Start of RECORDS TO PROCESS
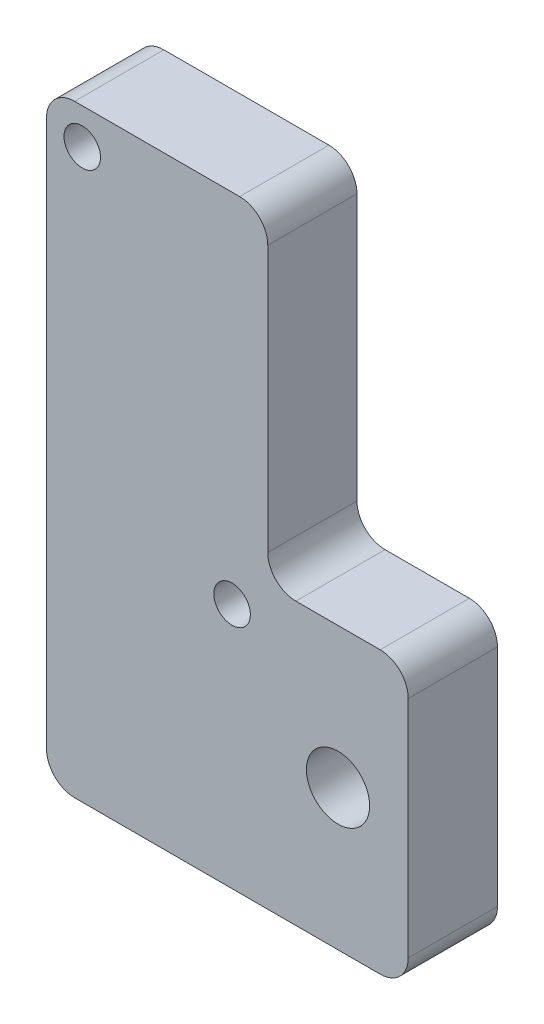
ISO-10303-21;
HEADER;
FILE_DESCRIPTION(('STEP AP214'),'2;1');
FILE_NAME('part.step','',(''),(''),'','','');
FILE_SCHEMA(('AUTOMOTIVE_DESIGN { 1 0 10303 214 1 1 1 1 }'));
ENDSEC;
DATA;
#1=APPLICATION_CONTEXT('core data for automotive mechanical design processes');
#2=APPLICATION_PROTOCOL_DEFINITION('international standard','automotive_design',2000,#1);
#3=PRODUCT_CONTEXT('',#1,'mechanical');
#4=PRODUCT('Part','Part','',(#3));
#5=PRODUCT_RELATED_PRODUCT_CATEGORY('part','',(#4));
#6=PRODUCT_DEFINITION_FORMATION('','',#4);
#7=PRODUCT_DEFINITION_CONTEXT('part definition',#1,'design');
#8=PRODUCT_DEFINITION('design','',#6,#7);
#9=PRODUCT_DEFINITION_SHAPE('','',#8);
#10=(LENGTH_UNIT() NAMED_UNIT(*) SI_UNIT(.MILLI.,.METRE.));
#11=(NAMED_UNIT(*) PLANE_ANGLE_UNIT() SI_UNIT($,.RADIAN.));
#12=(NAMED_UNIT(*) SI_UNIT($,.STERADIAN.) SOLID_ANGLE_UNIT());
#13=UNCERTAINTY_MEASURE_WITH_UNIT(LENGTH_MEASURE(1.E-05),#10,'distance_accuracy_value','');
#14=(GEOMETRIC_REPRESENTATION_CONTEXT(3) GLOBAL_UNCERTAINTY_ASSIGNED_CONTEXT((#13)) GLOBAL_UNIT_ASSIGNED_CONTEXT((#10,
#11,#12)) REPRESENTATION_CONTEXT('',''));
#15=CARTESIAN_POINT('',(0.,0.,0.));
#16=DIRECTION('',(0.,0.,1.));
#17=DIRECTION('',(1.,0.,0.));
#18=AXIS2_PLACEMENT_3D('',#15,#16,#17);
#19=CARTESIAN_POINT('',(0.,0.,6.35));
#20=DIRECTION('',(0.,0.,1.));
#21=DIRECTION('',(1.,0.,0.));
#22=AXIS2_PLACEMENT_3D('',#19,#20,#21);
#23=PLANE('',#22);
#24=CARTESIAN_POINT('',(2.54,25.4,6.35));
#25=DIRECTION('',(0.,0.,1.));
#26=DIRECTION('',(1.,0.,0.));
#27=AXIS2_PLACEMENT_3D('',#24,#25,#26);
#28=CIRCLE('',#27,1.3);
#29=CARTESIAN_POINT('',(3.84,25.4,6.35));
#30=VERTEX_POINT('',#29);
#31=EDGE_CURVE('E235',#30,#30,#28,.T.);
#32=ORIENTED_EDGE('',*,*,#31,.F.);
#33=EDGE_LOOP('',(#32));
#34=FACE_BOUND('',#33,.T.);
#35=DIRECTION('',(1.,0.,0.));
#36=VECTOR('',#35,1.);
#37=CARTESIAN_POINT('',(0.,-15.,6.35));
#38=LINE('',#37,#36);
#39=CARTESIAN_POINT('',(2.,-15.,6.35));
#40=VERTEX_POINT('',#39);
#41=CARTESIAN_POINT('',(23.748,-15.,6.35));
#42=VERTEX_POINT('',#41);
#43=EDGE_CURVE('E228',#40,#42,#38,.T.);
#44=ORIENTED_EDGE('',*,*,#43,.T.);
#45=CARTESIAN_POINT('',(23.748,-13.,6.35));
#46=DIRECTION('',(0.,0.,1.));
#47=DIRECTION('',(1.,0.,0.));
#48=AXIS2_PLACEMENT_3D('',#45,#46,#47);
#49=CIRCLE('',#48,2.);
#50=CARTESIAN_POINT('',(25.748,-13.,6.35));
#51=VERTEX_POINT('',#50);
#52=EDGE_CURVE('E186',#42,#51,#49,.T.);
#53=ORIENTED_EDGE('',*,*,#52,.T.);
#54=DIRECTION('',(0.,1.,0.));
#55=VECTOR('',#54,1.);
#56=CARTESIAN_POINT('',(25.748,-15.,6.35));
#57=LINE('',#56,#55);
#58=CARTESIAN_POINT('',(25.748,3.,6.35));
#59=VERTEX_POINT('',#58);
#60=EDGE_CURVE('E143',#51,#59,#57,.T.);
#61=ORIENTED_EDGE('',*,*,#60,.T.);
#62=CARTESIAN_POINT('',(23.748,3.,6.35));
#63=DIRECTION('',(0.,0.,1.));
#64=DIRECTION('',(1.,0.,0.));
#65=AXIS2_PLACEMENT_3D('',#62,#63,#64);
#66=CIRCLE('',#65,2.);
#67=CARTESIAN_POINT('',(23.748,5.,6.35));
#68=VERTEX_POINT('',#67);
#69=EDGE_CURVE('E179',#59,#68,#66,.T.);
#70=ORIENTED_EDGE('',*,*,#69,.T.);
#71=DIRECTION('',(-1.,0.,0.));
#72=VECTOR('',#71,1.);
#73=CARTESIAN_POINT('',(15.748,5.,6.35));
#74=LINE('',#73,#72);
#75=CARTESIAN_POINT('',(17.748,5.,6.35));
#76=VERTEX_POINT('',#75);
#77=EDGE_CURVE('E220',#68,#76,#74,.T.);
#78=ORIENTED_EDGE('',*,*,#77,.T.);
#79=CARTESIAN_POINT('',(17.748,7.,6.35));
#80=DIRECTION('',(0.,0.,1.));
#81=DIRECTION('',(1.,0.,0.));
#82=AXIS2_PLACEMENT_3D('',#79,#80,#81);
#83=CIRCLE('',#82,2.);
#84=CARTESIAN_POINT('',(15.748,7.,6.35));
#85=VERTEX_POINT('',#84);
#86=EDGE_CURVE('E11',#76,#85,#83,.F.);
#87=ORIENTED_EDGE('',*,*,#86,.T.);
#88=DIRECTION('',(0.,1.,0.));
#89=VECTOR('',#88,1.);
#90=CARTESIAN_POINT('',(15.748,27.94,6.35));
#91=LINE('',#90,#89);
#92=CARTESIAN_POINT('',(15.748,25.94,6.35));
#93=VERTEX_POINT('',#92);
#94=EDGE_CURVE('E219',#85,#93,#91,.T.);
#95=ORIENTED_EDGE('',*,*,#94,.T.);
#96=CARTESIAN_POINT('',(13.748,25.94,6.35));
#97=DIRECTION('',(0.,0.,1.));
#98=DIRECTION('',(1.,0.,0.));
#99=AXIS2_PLACEMENT_3D('',#96,#97,#98);
#100=CIRCLE('',#99,2.);
#101=CARTESIAN_POINT('',(13.748,27.94,6.35));
#102=VERTEX_POINT('',#101);
#103=EDGE_CURVE('E55',#93,#102,#100,.T.);
#104=ORIENTED_EDGE('',*,*,#103,.T.);
#105=DIRECTION('',(-1.,0.,0.));
#106=VECTOR('',#105,1.);
#107=CARTESIAN_POINT('',(0.,27.94,6.35));
#108=LINE('',#107,#106);
#109=CARTESIAN_POINT('',(2.,27.94,6.35));
#110=VERTEX_POINT('',#109);
#111=EDGE_CURVE('E168',#102,#110,#108,.T.);
#112=ORIENTED_EDGE('',*,*,#111,.T.);
#113=CARTESIAN_POINT('',(2.,25.94,6.35));
#114=DIRECTION('',(0.,0.,1.));
#115=DIRECTION('',(1.,0.,0.));
#116=AXIS2_PLACEMENT_3D('',#113,#114,#115);
#117=CIRCLE('',#116,2.);
#118=CARTESIAN_POINT('',(0.,25.94,6.35));
#119=VERTEX_POINT('',#118);
#120=EDGE_CURVE('E182',#110,#119,#117,.T.);
#121=ORIENTED_EDGE('',*,*,#120,.T.);
#122=DIRECTION('',(0.,-1.,0.));
#123=VECTOR('',#122,1.);
#124=CARTESIAN_POINT('',(0.,0.,6.35));
#125=LINE('',#124,#123);
#126=CARTESIAN_POINT('',(0.,-13.,6.35));
#127=VERTEX_POINT('',#126);
#128=EDGE_CURVE('E167',#119,#127,#125,.T.);
#129=ORIENTED_EDGE('',*,*,#128,.T.);
#130=CARTESIAN_POINT('',(2.,-13.,6.35));
#131=DIRECTION('',(0.,0.,1.));
#132=DIRECTION('',(1.,0.,0.));
#133=AXIS2_PLACEMENT_3D('',#130,#131,#132);
#134=CIRCLE('',#133,2.);
#135=EDGE_CURVE('E184',#127,#40,#134,.T.);
#136=ORIENTED_EDGE('',*,*,#135,.T.);
#137=EDGE_LOOP('',(#44,#53,#61,#70,#78,#87,#95,#104,#112,#121,#129,#136));
#138=FACE_BOUND('',#137,.T.);
#139=CARTESIAN_POINT('',(20.748,-5.,6.35));
#140=DIRECTION('',(0.,0.,1.));
#141=DIRECTION('',(1.,0.,0.));
#142=AXIS2_PLACEMENT_3D('',#139,#140,#141);
#143=CIRCLE('',#142,2.25000000000001);
#144=CARTESIAN_POINT('',(22.998,-5.,6.35));
#145=VERTEX_POINT('',#144);
#146=EDGE_CURVE('E156',#145,#145,#143,.T.);
#147=ORIENTED_EDGE('',*,*,#146,.F.);
#148=EDGE_LOOP('',(#147));
#149=FACE_BOUND('',#148,.T.);
#150=CARTESIAN_POINT('',(13.208,2.54,6.35));
#151=DIRECTION('',(0.,0.,1.));
#152=DIRECTION('',(1.,0.,0.));
#153=AXIS2_PLACEMENT_3D('',#150,#151,#152);
#154=CIRCLE('',#153,1.3);
#155=CARTESIAN_POINT('',(14.508,2.54,6.35));
#156=VERTEX_POINT('',#155);
#157=EDGE_CURVE('E241',#156,#156,#154,.T.);
#158=ORIENTED_EDGE('',*,*,#157,.F.);
#159=EDGE_LOOP('',(#158));
#160=FACE_BOUND('',#159,.T.);
#161=ADVANCED_FACE('F33',(#34,#138,#149,#160),#23,.T.);
#162=CARTESIAN_POINT('',(0.,0.,0.));
#163=DIRECTION('',(0.,0.,1.));
#164=DIRECTION('',(1.,0.,0.));
#165=AXIS2_PLACEMENT_3D('',#162,#163,#164);
#166=PLANE('',#165);
#167=CARTESIAN_POINT('',(2.54,25.4,0.));
#168=DIRECTION('',(0.,0.,1.));
#169=DIRECTION('',(1.,0.,0.));
#170=AXIS2_PLACEMENT_3D('',#167,#168,#169);
#171=CIRCLE('',#170,1.3);
#172=CARTESIAN_POINT('',(3.84,25.4,0.));
#173=VERTEX_POINT('',#172);
#174=EDGE_CURVE('E238',#173,#173,#171,.T.);
#175=ORIENTED_EDGE('',*,*,#174,.T.);
#176=EDGE_LOOP('',(#175));
#177=FACE_BOUND('',#176,.T.);
#178=DIRECTION('',(0.,1.,0.));
#179=VECTOR('',#178,1.);
#180=CARTESIAN_POINT('',(25.748,5.,0.));
#181=LINE('',#180,#179);
#182=CARTESIAN_POINT('',(25.748,-13.,0.));
#183=VERTEX_POINT('',#182);
#184=CARTESIAN_POINT('',(25.748,3.,0.));
#185=VERTEX_POINT('',#184);
#186=EDGE_CURVE('E140',#183,#185,#181,.T.);
#187=ORIENTED_EDGE('',*,*,#186,.F.);
#188=CARTESIAN_POINT('',(23.748,-13.,0.));
#189=DIRECTION('',(0.,0.,1.));
#190=DIRECTION('',(1.,0.,0.));
#191=AXIS2_PLACEMENT_3D('',#188,#189,#190);
#192=CIRCLE('',#191,2.);
#193=CARTESIAN_POINT('',(23.748,-15.,0.));
#194=VERTEX_POINT('',#193);
#195=EDGE_CURVE('E123',#183,#194,#192,.F.);
#196=ORIENTED_EDGE('',*,*,#195,.T.);
#197=DIRECTION('',(1.,0.,0.));
#198=VECTOR('',#197,1.);
#199=CARTESIAN_POINT('',(0.,-15.,0.));
#200=LINE('',#199,#198);
#201=CARTESIAN_POINT('',(2.,-15.,0.));
#202=VERTEX_POINT('',#201);
#203=EDGE_CURVE('E151',#202,#194,#200,.T.);
#204=ORIENTED_EDGE('',*,*,#203,.F.);
#205=CARTESIAN_POINT('',(2.,-13.,0.));
#206=DIRECTION('',(0.,0.,1.));
#207=DIRECTION('',(1.,0.,0.));
#208=AXIS2_PLACEMENT_3D('',#205,#206,#207);
#209=CIRCLE('',#208,2.);
#210=CARTESIAN_POINT('',(0.,-13.,0.));
#211=VERTEX_POINT('',#210);
#212=EDGE_CURVE('E134',#202,#211,#209,.F.);
#213=ORIENTED_EDGE('',*,*,#212,.T.);
#214=DIRECTION('',(0.,-1.,0.));
#215=VECTOR('',#214,1.);
#216=CARTESIAN_POINT('',(0.,0.,0.));
#217=LINE('',#216,#215);
#218=CARTESIAN_POINT('',(0.,25.94,0.));
#219=VERTEX_POINT('',#218);
#220=EDGE_CURVE('E164',#219,#211,#217,.T.);
#221=ORIENTED_EDGE('',*,*,#220,.F.);
#222=CARTESIAN_POINT('',(2.,25.94,0.));
#223=DIRECTION('',(0.,0.,1.));
#224=DIRECTION('',(1.,0.,0.));
#225=AXIS2_PLACEMENT_3D('',#222,#223,#224);
#226=CIRCLE('',#225,2.);
#227=CARTESIAN_POINT('',(2.,27.94,0.));
#228=VERTEX_POINT('',#227);
#229=EDGE_CURVE('E173',#219,#228,#226,.F.);
#230=ORIENTED_EDGE('',*,*,#229,.T.);
#231=DIRECTION('',(-1.,0.,0.));
#232=VECTOR('',#231,1.);
#233=CARTESIAN_POINT('',(0.,27.94,0.));
#234=LINE('',#233,#232);
#235=CARTESIAN_POINT('',(13.748,27.94,0.));
#236=VERTEX_POINT('',#235);
#237=EDGE_CURVE('E162',#236,#228,#234,.T.);
#238=ORIENTED_EDGE('',*,*,#237,.F.);
#239=CARTESIAN_POINT('',(13.748,25.94,0.));
#240=DIRECTION('',(0.,0.,1.));
#241=DIRECTION('',(1.,0.,0.));
#242=AXIS2_PLACEMENT_3D('',#239,#240,#241);
#243=CIRCLE('',#242,2.);
#244=CARTESIAN_POINT('',(15.748,25.94,0.));
#245=VERTEX_POINT('',#244);
#246=EDGE_CURVE('E171',#236,#245,#243,.F.);
#247=ORIENTED_EDGE('',*,*,#246,.T.);
#248=DIRECTION('',(0.,1.,0.));
#249=VECTOR('',#248,1.);
#250=CARTESIAN_POINT('',(15.748,27.94,0.));
#251=LINE('',#250,#249);
#252=CARTESIAN_POINT('',(15.748,7.,0.));
#253=VERTEX_POINT('',#252);
#254=EDGE_CURVE('E154',#253,#245,#251,.T.);
#255=ORIENTED_EDGE('',*,*,#254,.F.);
#256=CARTESIAN_POINT('',(17.748,7.,0.));
#257=DIRECTION('',(0.,0.,1.));
#258=DIRECTION('',(1.,0.,0.));
#259=AXIS2_PLACEMENT_3D('',#256,#257,#258);
#260=CIRCLE('',#259,2.);
#261=CARTESIAN_POINT('',(17.748,5.,0.));
#262=VERTEX_POINT('',#261);
#263=EDGE_CURVE('E41',#253,#262,#260,.T.);
#264=ORIENTED_EDGE('',*,*,#263,.T.);
#265=DIRECTION('',(-1.,0.,0.));
#266=VECTOR('',#265,1.);
#267=CARTESIAN_POINT('',(15.748,5.,0.));
#268=LINE('',#267,#266);
#269=CARTESIAN_POINT('',(23.748,5.,0.));
#270=VERTEX_POINT('',#269);
#271=EDGE_CURVE('E150',#270,#262,#268,.T.);
#272=ORIENTED_EDGE('',*,*,#271,.F.);
#273=CARTESIAN_POINT('',(23.748,3.,0.));
#274=DIRECTION('',(0.,0.,1.));
#275=DIRECTION('',(1.,0.,0.));
#276=AXIS2_PLACEMENT_3D('',#273,#274,#275);
#277=CIRCLE('',#276,2.);
#278=EDGE_CURVE('E144',#270,#185,#277,.F.);
#279=ORIENTED_EDGE('',*,*,#278,.T.);
#280=EDGE_LOOP('',(#187,#196,#204,#213,#221,#230,#238,#247,#255,#264,#272,#279));
#281=FACE_BOUND('',#280,.T.);
#282=CARTESIAN_POINT('',(20.748,-5.,0.));
#283=DIRECTION('',(0.,0.,1.));
#284=DIRECTION('',(1.,0.,0.));
#285=AXIS2_PLACEMENT_3D('',#282,#283,#284);
#286=CIRCLE('',#285,2.25000000000001);
#287=CARTESIAN_POINT('',(22.998,-5.,0.));
#288=VERTEX_POINT('',#287);
#289=EDGE_CURVE('E232',#288,#288,#286,.T.);
#290=ORIENTED_EDGE('',*,*,#289,.T.);
#291=EDGE_LOOP('',(#290));
#292=FACE_BOUND('',#291,.T.);
#293=CARTESIAN_POINT('',(13.208,2.54,0.));
#294=DIRECTION('',(0.,0.,1.));
#295=DIRECTION('',(1.,0.,0.));
#296=AXIS2_PLACEMENT_3D('',#293,#294,#295);
#297=CIRCLE('',#296,1.3);
#298=CARTESIAN_POINT('',(14.508,2.54,0.));
#299=VERTEX_POINT('',#298);
#300=EDGE_CURVE('E244',#299,#299,#297,.T.);
#301=ORIENTED_EDGE('',*,*,#300,.T.);
#302=EDGE_LOOP('',(#301));
#303=FACE_BOUND('',#302,.T.);
#304=ADVANCED_FACE('F147',(#177,#281,#292,#303),#166,.F.);
#305=CARTESIAN_POINT('',(0.,-15.,6.35));
#306=DIRECTION('',(0.,1.,0.));
#307=DIRECTION('',(0.,0.,1.));
#308=AXIS2_PLACEMENT_3D('',#305,#306,#307);
#309=PLANE('',#308);
#310=ORIENTED_EDGE('',*,*,#203,.T.);
#311=DIRECTION('',(0.,0.,-1.));
#312=VECTOR('',#311,1.);
#313=CARTESIAN_POINT('',(23.748,-15.,6.35));
#314=LINE('',#313,#312);
#315=EDGE_CURVE('E128',#194,#42,#314,.F.);
#316=ORIENTED_EDGE('',*,*,#315,.T.);
#317=ORIENTED_EDGE('',*,*,#43,.F.);
#318=DIRECTION('',(0.,0.,-1.));
#319=VECTOR('',#318,1.);
#320=CARTESIAN_POINT('',(2.,-15.,6.35));
#321=LINE('',#320,#319);
#322=EDGE_CURVE('E133',#40,#202,#321,.T.);
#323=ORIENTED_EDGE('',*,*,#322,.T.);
End of RECORDS TO PROCESS
• **PROBLEM**:
From the material above, set down exactly the lines starting at the one with "#198=VECTOR('',#197,1.);" and ending at the one with "#235=CARTESIAN_POINT('',(13.748,27.94,0.));", end lines included.

• **ANSWER SPACE**:
#198=VECTOR('',#197,1.);
#199=CARTESIAN_POINT('',(0.,-15.,0.));
#200=LINE('',#199,#198);
#201=CARTESIAN_POINT('',(2.,-15.,0.));
#202=VERTEX_POINT('',#201);
#203=EDGE_CURVE('E151',#202,#194,#200,.T.);
#204=ORIENTED_EDGE('',*,*,#203,.F.);
#205=CARTESIAN_POINT('',(2.,-13.,0.));
#206=DIRECTION('',(0.,0.,1.));
#207=DIRECTION('',(1.,0.,0.));
#208=AXIS2_PLACEMENT_3D('',#205,#206,#207);
#209=CIRCLE('',#208,2.);
#210=CARTESIAN_POINT('',(0.,-13.,0.));
#211=VERTEX_POINT('',#210);
#212=EDGE_CURVE('E134',#202,#211,#209,.F.);
#213=ORIENTED_EDGE('',*,*,#212,.T.);
#214=DIRECTION('',(0.,-1.,0.));
#215=VECTOR('',#214,1.);
#216=CARTESIAN_POINT('',(0.,0.,0.));
#217=LINE('',#216,#215);
#218=CARTESIAN_POINT('',(0.,25.94,0.));
#219=VERTEX_POINT('',#218);
#220=EDGE_CURVE('E164',#219,#211,#217,.T.);
#221=ORIENTED_EDGE('',*,*,#220,.F.);
#222=CARTESIAN_POINT('',(2.,25.94,0.));
#223=DIRECTION('',(0.,0.,1.));
#224=DIRECTION('',(1.,0.,0.));
#225=AXIS2_PLACEMENT_3D('',#222,#223,#224);
#226=CIRCLE('',#225,2.);
#227=CARTESIAN_POINT('',(2.,27.94,0.));
#228=VERTEX_POINT('',#227);
#229=EDGE_CURVE('E173',#219,#228,#226,.F.);
#230=ORIENTED_EDGE('',*,*,#229,.T.);
#231=DIRECTION('',(-1.,0.,0.));
#232=VECTOR('',#231,1.);
#233=CARTESIAN_POINT('',(0.,27.94,0.));
#234=LINE('',#233,#232);
#235=CARTESIAN_POINT('',(13.748,27.94,0.));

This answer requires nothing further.